=== Instructions to follow ===
Among the entries below, take the line with "n1.inputs[2].default_value = 0.0" and the line with "world_world.use_nodes = True;", and output them and every line between them exactly, with nothing else.

=== Information provided ===
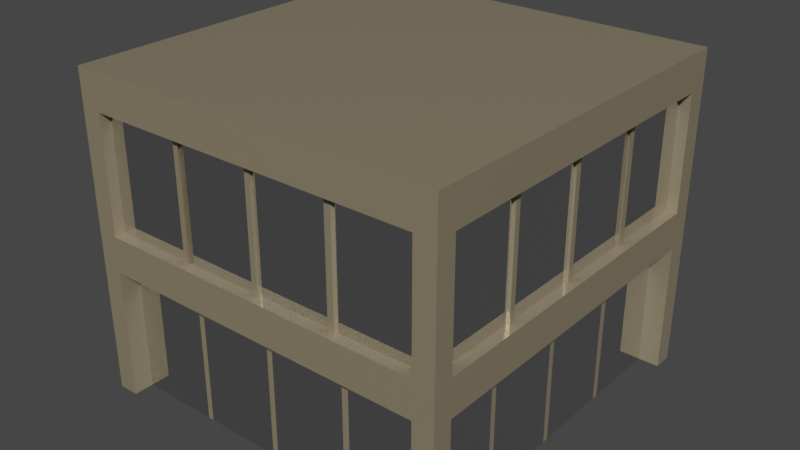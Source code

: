 # Source: skyscraper_bottom_section_copper.blend  (saved by Blender 2.82.7; exported with 4.5.12 LTS)
import bpy
from mathutils import Matrix  # noqa: F401  (used for matrix-valued properties, if any)

bpy.ops.wm.read_factory_settings(use_empty=True)
scene = bpy.context.scene
scene.name = 'Scene'

# ---- collections
col_bottom_section_copper = bpy.data.collections.new('bottom_section_copper'); scene.collection.children.link(col_bottom_section_copper)

# ---- materials (node trees are filled in below, after node groups)
mat_black_sky = bpy.data.materials.new('black sky')
mat_black_sky.alpha_threshold = 0.0
mat_black_sky.line_color = (0.0, 0.0, 0.0, 1.0)
mat_glass = bpy.data.materials.new('glass')

# ---- material node trees
mat_black_sky.use_nodes = True; mat_black_sky.node_tree.nodes.clear()
_N = mat_black_sky.node_tree.nodes; _L = mat_black_sky.node_tree.links
n0 = _N.new('ShaderNodeOutputMaterial'); n0.name = 'Material Output'; n0.location = (300, 300)
n1 = _N.new('ShaderNodeBsdfPrincipled'); n1.name = 'Principled BSDF'; n1.location = (10, 300)
n1.distribution = 'GGX'
n1.subsurface_method = 'BURLEY'
n1.inputs[0].default_value = (0.3372, 0.2789, 0.1845, 1.0)
n1.inputs[1].default_value = 0.3303
n1.inputs[2].default_value = 0.1706
n1.inputs[3].default_value = 1.45
n1.inputs[27].default_value = (0.0, 0.0, 0.0, 1.0)
n1.inputs[28].default_value = 1.0
_L.new(n1.outputs[0], n0.inputs[0])
n0.is_active_output = True
mat_glass.use_nodes = True; mat_glass.node_tree.nodes.clear()
_N = mat_glass.node_tree.nodes; _L = mat_glass.node_tree.links
n0 = _N.new('ShaderNodeOutputMaterial'); n0.name = 'Material Output'; n0.location = (300, 300)
n1 = _N.new('ShaderNodeBsdfPrincipled'); n1.name = 'Principled BSDF'; n1.location = (10, 300)
n1.distribution = 'GGX'
n1.subsurface_method = 'BURLEY'
n1.inputs[1].default_value = 1.0
n1.inputs[2].default_value = 0.0
n1.inputs[3].default_value = 1.45
n1.inputs[27].default_value = (0.0, 0.0, 0.0, 1.0)
n1.inputs[28].default_value = 1.0
_L.new(n1.outputs[0], n0.inputs[0])
n0.is_active_output = True

# ---- world
world_world = bpy.data.worlds.new('World'); scene.world = world_world
world_world.use_nodes = True; world_world.node_tree.nodes.clear()
_N = world_world.node_tree.nodes; _L = world_world.node_tree.links
n0 = _N.new('ShaderNodeOutputWorld'); n0.name = 'World Output'; n0.location = (300, 300)
n1 = _N.new('ShaderNodeBackground'); n1.name = 'Background'; n1.location = (10, 300)
n1.inputs[0].default_value = (0.05088, 0.05088, 0.05088, 1.0)
_L.new(n1.outputs[0], n0.inputs[0])
n0.is_active_output = True
world_world.color = (0.05088, 0.05088, 0.05088)
world_world.use_sun_shadow = False
world_world.sun_shadow_jitter_overblur = 0.0

# ---- meshes
me_cube = bpy.data.meshes.new('Cube')
me_cube.from_pydata([(-5.76, 6.096, 5.73), (-2.88, 6.096, 5.73), (4.976e-09, 6.096, 5.73), (2.88, 6.096, 5.73), (5.76, 6.096, 5.73), (-5.76, 6.096, 9.728), (-2.88, 6.096, 9.728), (4.976e-09, 6.096, 9.728), (2.88, 6.096, 9.728), (5.76, 6.096, 9.728), (5.76, -6.096, 5.73), (2.88, -6.096, 5.73), (4.976e-09, -6.096, 5.73), (-2.88, -6.096, 5.73), (-5.76, -6.096, 5.73), (5.76, -6.096, 9.728), (2.88, -6.096, 9.728), (4.976e-09, -6.096, 9.728), (-2.88, -6.096, 9.728), (-5.76, -6.096, 9.728), (6.096, 5.792, 5.73), (6.096, 2.896, 5.73), (6.096, -2.252e-09, 5.73), (6.096, -2.896, 5.73), (6.096, -5.792, 5.73), (6.096, 5.792, 9.728), (6.096, 2.896, 9.728), (6.096, -2.252e-09, 9.728), (6.096, -2.896, 9.728), (6.096, -5.792, 9.728), (-6.096, -5.792, 5.73), (-6.096, -2.896, 5.73), (-6.096, -2.252e-09, 5.73), (-6.096, 2.896, 5.73), (-6.096, 5.792, 5.73), (-6.096, -5.792, 9.728), (-6.096, -2.896, 9.728), (-6.096, -2.252e-09, 9.728), (-6.096, 2.896, 9.728), (-6.096, 5.792, 9.728), (-6.475, -5.792, 4.48), (-6.475, -6.474, 4.48), (-5.76, 6.475, 4.48), (-6.475, 6.475, 4.48), (6.475, 6.475, 5.73), (6.475, 6.475, 4.48), (-6.475, -6.475, 9.728), (-6.475, -6.474, 10.98), (6.475, -6.475, 5.73), (6.475, -6.474, 4.48), (-6.475, 6.475, 5.73), (-5.76, -6.475, 10.98), (6.475, -5.792, 10.98), (6.475, -6.474, 10.98), (5.76, -6.475, 4.48), (-6.475, 5.792, 10.98), (-6.475, 6.475, 10.98), (5.76, 6.475, 10.98), (6.475, 6.475, 10.98), (6.475, 5.792, 4.48), (6.475, 6.475, 9.728), (-6.475, -6.475, 5.73), (6.475, -6.475, 9.728), (-6.475, 6.475, 9.728), (5.76, 6.475, 5.73), (5.76, 6.475, 9.728), (6.475, -5.792, 5.73), (6.475, -5.792, 9.728), (-6.475, 5.792, 5.73), (-6.475, 5.792, 9.728), (-5.76, -6.476, 5.73), (-5.76, -6.476, 9.728), (5.76, 6.475, 4.48), (2.88, 6.475, 4.48), (-2.525e-07, 6.475, 4.48), (-2.88, 6.475, 4.48), (5.76, -6.475, 10.98), (2.88, -6.475, 10.98), (-2.525e-07, -6.475, 10.98), (-2.88, -6.475, 10.98), (-5.76, -6.475, 4.48), (-2.88, -6.475, 4.48), (2.625e-07, -6.475, 4.48), (2.88, -6.475, 4.48), (-5.76, 6.475, 10.98), (-2.88, 6.475, 10.98), (2.625e-07, 6.475, 10.98), (2.88, 6.475, 10.98), (-5.76, 6.475, 5.73), (-2.88, 6.475, 5.73), (4.969e-09, 6.475, 5.73), (2.88, 6.475, 5.73), (-5.76, 6.475, 9.728), (-2.88, 6.475, 9.728), (4.969e-09, 6.475, 9.728), (2.88, 6.475, 9.728), (5.76, -6.476, 5.73), (2.88, -6.476, 5.73), (4.972e-09, -6.476, 5.73), (-2.88, -6.476, 5.73), (5.76, -6.476, 9.728), (2.88, -6.476, 9.728), (4.972e-09, -6.476, 9.728), (-2.88, -6.476, 9.728), (-5.76, -5.792, 4.479), (-2.88, -5.792, 4.479), (1.766e-07, -5.792, 4.479), (2.88, -5.792, 4.479), (5.76, -5.792, 4.479), (5.76, -5.792, 10.98), (2.88, -5.792, 10.98), (-1.667e-07, -5.792, 10.98), (-2.88, -5.792, 10.98), (-5.76, -5.792, 10.98), (-6.475, 5.792, 4.48), (-6.475, 2.896, 4.48), (-6.475, -2.612e-07, 4.48), (-6.475, -2.896, 4.48), (6.475, 5.792, 10.98), (6.475, 2.896, 10.98), (6.475, -2.612e-07, 10.98), (6.475, -2.896, 10.98), (-6.475, -5.792, 10.98), (-6.475, -2.896, 10.98), (-6.475, 2.567e-07, 10.98), (-6.475, 2.896, 10.98), (6.475, -5.792, 4.48), (6.475, -2.896, 4.48), (6.475, 2.567e-07, 4.48), (6.475, 2.896, 4.48), (6.475, 5.792, 5.73), (6.475, 2.896, 5.73), (6.475, -2.252e-09, 5.73), (6.475, -2.896, 5.73), (6.475, 5.792, 9.728), (6.475, 2.896, 9.728), (6.475, -2.252e-09, 9.728), (6.475, -2.896, 9.728), (-6.475, -5.792, 5.73), (-6.475, -2.896, 5.73), (-6.475, -2.252e-09, 5.73), (-6.475, 2.896, 5.73), (-6.475, -5.792, 9.728), (-6.475, -2.896, 9.728), (-6.475, -2.252e-09, 9.728), (-6.475, 2.896, 9.728), (-5.76, 5.792, 4.479), (-5.76, 2.896, 4.479), (-5.76, -2.252e-09, 4.479), (-5.76, -2.896, 4.479), (-2.88, 5.792, 4.479), (-1.667e-07, 5.792, 4.479), (2.88, 5.792, 4.479), (5.76, 5.792, 4.479), (5.76, 2.896, 4.479), (5.76, -2.252e-09, 4.479), (5.76, -2.896, 4.479), (5.76, 5.792, 10.98), (5.76, 2.896, 10.98), (5.76, -2.252e-09, 10.98), (5.76, -2.896, 10.98), (2.88, 5.792, 10.98), (2.88, 2.896, 10.98), (2.88, -2.252e-09, 10.98), (2.88, -2.896, 10.98), (1.766e-07, 5.792, 10.98), (9.081e-08, 2.896, 10.98), (4.976e-09, -2.252e-09, 10.98), (-8.086e-08, -2.896, 10.98), (-2.88, 5.792, 10.98), (-2.88, 2.896, 10.98), (-2.88, -2.252e-09, 10.98), (-2.88, -2.896, 10.98), (-5.76, 5.792, 10.98), (-5.76, 2.896, 10.98), (-5.76, -2.252e-09, 10.98), (-5.76, -2.896, 10.98), (-2.778, 6.096, 5.73), (-0.1019, 6.096, 5.73), (-2.778, 6.096, 9.728), (-0.1019, 6.096, 9.728), (-0.1019, -6.096, 5.73), (-2.778, -6.096, 5.73), (-0.1019, -6.096, 9.728), (-2.778, -6.096, 9.728), (-0.1019, 6.475, 4.48), (-2.778, 6.475, 4.48), (-0.1019, -6.475, 10.98), (-2.778, -6.475, 10.98), (-2.778, -6.475, 4.48), (-0.1019, -6.475, 4.48), (-2.778, 6.475, 10.98), (-0.1019, 6.475, 10.98), (-2.778, 6.475, 5.73), (-0.1019, 6.475, 5.73), (-2.778, 6.475, 9.728), (-0.1019, 6.475, 9.728), (-0.1019, -6.476, 5.73), (-2.778, -6.476, 5.73), (-0.1019, -6.476, 9.728), (-2.778, -6.476, 9.728), (-2.778, 5.792, 10.98), (-0.1019, 5.792, 10.98), (-2.778, 2.896, 10.98), (-0.1019, 2.896, 10.98), (-2.778, -2.254e-09, 10.98), (-0.1019, -2.254e-09, 10.98), (-2.778, -2.896, 10.98), (-0.1019, -2.896, 10.98), (-2.778, -5.792, 10.98), (-0.1019, -5.792, 10.98), (-0.1019, 5.792, 4.479), (-2.778, 5.792, 4.479), (-0.1019, -5.792, 4.479), (-2.778, -5.792, 4.479), (-2.98, 6.096, 5.73), (-2.98, 6.096, 9.728), (-2.98, -6.096, 5.73), (-2.98, -6.096, 9.728), (-2.98, 6.475, 4.48), (-2.98, -6.475, 10.98), (-2.98, -6.475, 4.48), (-2.98, 6.475, 10.98), (-2.98, 6.475, 5.73), (-2.98, 6.475, 9.728), (-2.98, -6.476, 5.73), (-2.98, -6.476, 9.728), (-2.98, 5.792, 10.98), (-2.98, 2.896, 10.98), (-2.98, -2.252e-09, 10.98), (-2.98, -2.896, 10.98), (-2.98, -5.792, 10.98), (-2.98, 5.792, 4.479), (-2.98, -5.792, 4.479), (0.1013, 6.096, 5.73), (2.779, 6.096, 5.73), (0.1013, 6.096, 9.728), (2.779, 6.096, 9.728), (2.779, -6.096, 5.73), (0.1013, -6.096, 5.73), (2.779, -6.096, 9.728), (0.1013, -6.096, 9.728), (2.779, 6.475, 4.48), (0.1013, 6.475, 4.48), (2.779, -6.475, 10.98), (0.1013, -6.475, 10.98), (0.1013, -6.475, 4.48), (2.779, -6.475, 4.48), (0.1013, 6.475, 10.98), (2.779, 6.475, 10.98), (0.1013, 6.475, 5.73), (2.779, 6.475, 5.73), (0.1013, 6.475, 9.728), (2.779, 6.475, 9.728), (2.779, -6.476, 5.73), (0.1013, -6.476, 5.73), (2.779, -6.476, 9.728), (0.1013, -6.476, 9.728), (0.1013, 5.792, 10.98), (2.779, 5.792, 10.98), (0.1013, 2.896, 10.98), (2.779, 2.896, 10.98), (0.1013, -2.254e-09, 10.98), (2.779, -2.254e-09, 10.98), (0.1013, -2.896, 10.98), (2.779, -2.896, 10.98), (0.1013, -5.792, 10.98), (2.779, -5.792, 10.98), (2.779, 5.792, 4.479), (0.1013, 5.792, 4.479), (2.779, -5.792, 4.479), (0.1013, -5.792, 4.479), (3.005, 6.096, 5.73), (3.005, 6.096, 9.728), (3.005, -6.096, 5.73), (3.005, -6.096, 9.728), (3.005, 6.475, 4.48), (3.005, -6.475, 10.98), (3.005, -6.475, 4.48), (3.005, 6.475, 10.98), (3.005, 6.475, 5.73), (3.005, 6.475, 9.728), (3.005, -6.476, 5.73), (3.005, -6.476, 9.728), (3.005, 5.792, 10.98), (3.005, 2.896, 10.98), (3.005, -2.252e-09, 10.98), (3.005, -2.896, 10.98), (3.005, -5.792, 10.98), (3.005, 5.792, 4.479), (3.005, -5.792, 4.479), (6.096, -2.995, 5.73), (6.096, -2.995, 9.728), (-6.096, -2.995, 5.73), (-6.096, -2.995, 9.728), (-6.475, -2.995, 4.48), (6.475, -2.995, 10.98), (-6.475, -2.995, 10.98), (6.475, -2.995, 4.48), (6.475, -2.995, 5.73), (6.475, -2.995, 9.728), (-6.475, -2.995, 5.73), (-6.475, -2.995, 9.728), (-5.76, -2.995, 4.479), (5.76, -2.995, 4.479), (5.76, -2.995, 10.98), (2.88, -2.995, 10.98), (-8.379e-08, -2.995, 10.98), (-2.88, -2.995, 10.98), (-5.76, -2.995, 10.98), (-0.1019, -2.995, 10.98), (-2.778, -2.995, 10.98), (-2.98, -2.995, 10.98), (2.779, -2.995, 10.98), (0.1013, -2.995, 10.98), (3.005, -2.995, 10.98), (6.096, -0.102, 5.73), (6.096, -2.794, 5.73), (6.096, -0.102, 9.728), (6.096, -2.794, 9.728), (-6.096, -2.794, 5.73), (-6.096, -0.102, 5.73), (-6.096, -2.794, 9.728), (-6.096, -0.102, 9.728), (-6.475, -0.102, 4.48), (-6.475, -2.794, 4.48), (6.475, -0.102, 10.98), (6.475, -2.794, 10.98), (-6.475, -2.794, 10.98), (-6.475, -0.102, 10.98), (6.475, -2.794, 4.48), (6.475, -0.102, 4.48), (6.475, -0.102, 5.73), (6.475, -2.794, 5.73), (6.475, -0.102, 9.728), (6.475, -2.794, 9.728), (-6.475, -2.794, 5.73), (-6.475, -0.102, 5.73), (-6.475, -2.794, 9.728), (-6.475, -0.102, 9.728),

=== Response ===
n1.inputs[2].default_value = 0.0
n1.inputs[3].default_value = 1.45
n1.inputs[27].default_value = (0.0, 0.0, 0.0, 1.0)
n1.inputs[28].default_value = 1.0
_L.new(n1.outputs[0], n0.inputs[0])
n0.is_active_output = True

# ---- world
world_world = bpy.data.worlds.new('World'); scene.world = world_world
world_world.use_nodes = True; world_world.node_tree.nodes.clear()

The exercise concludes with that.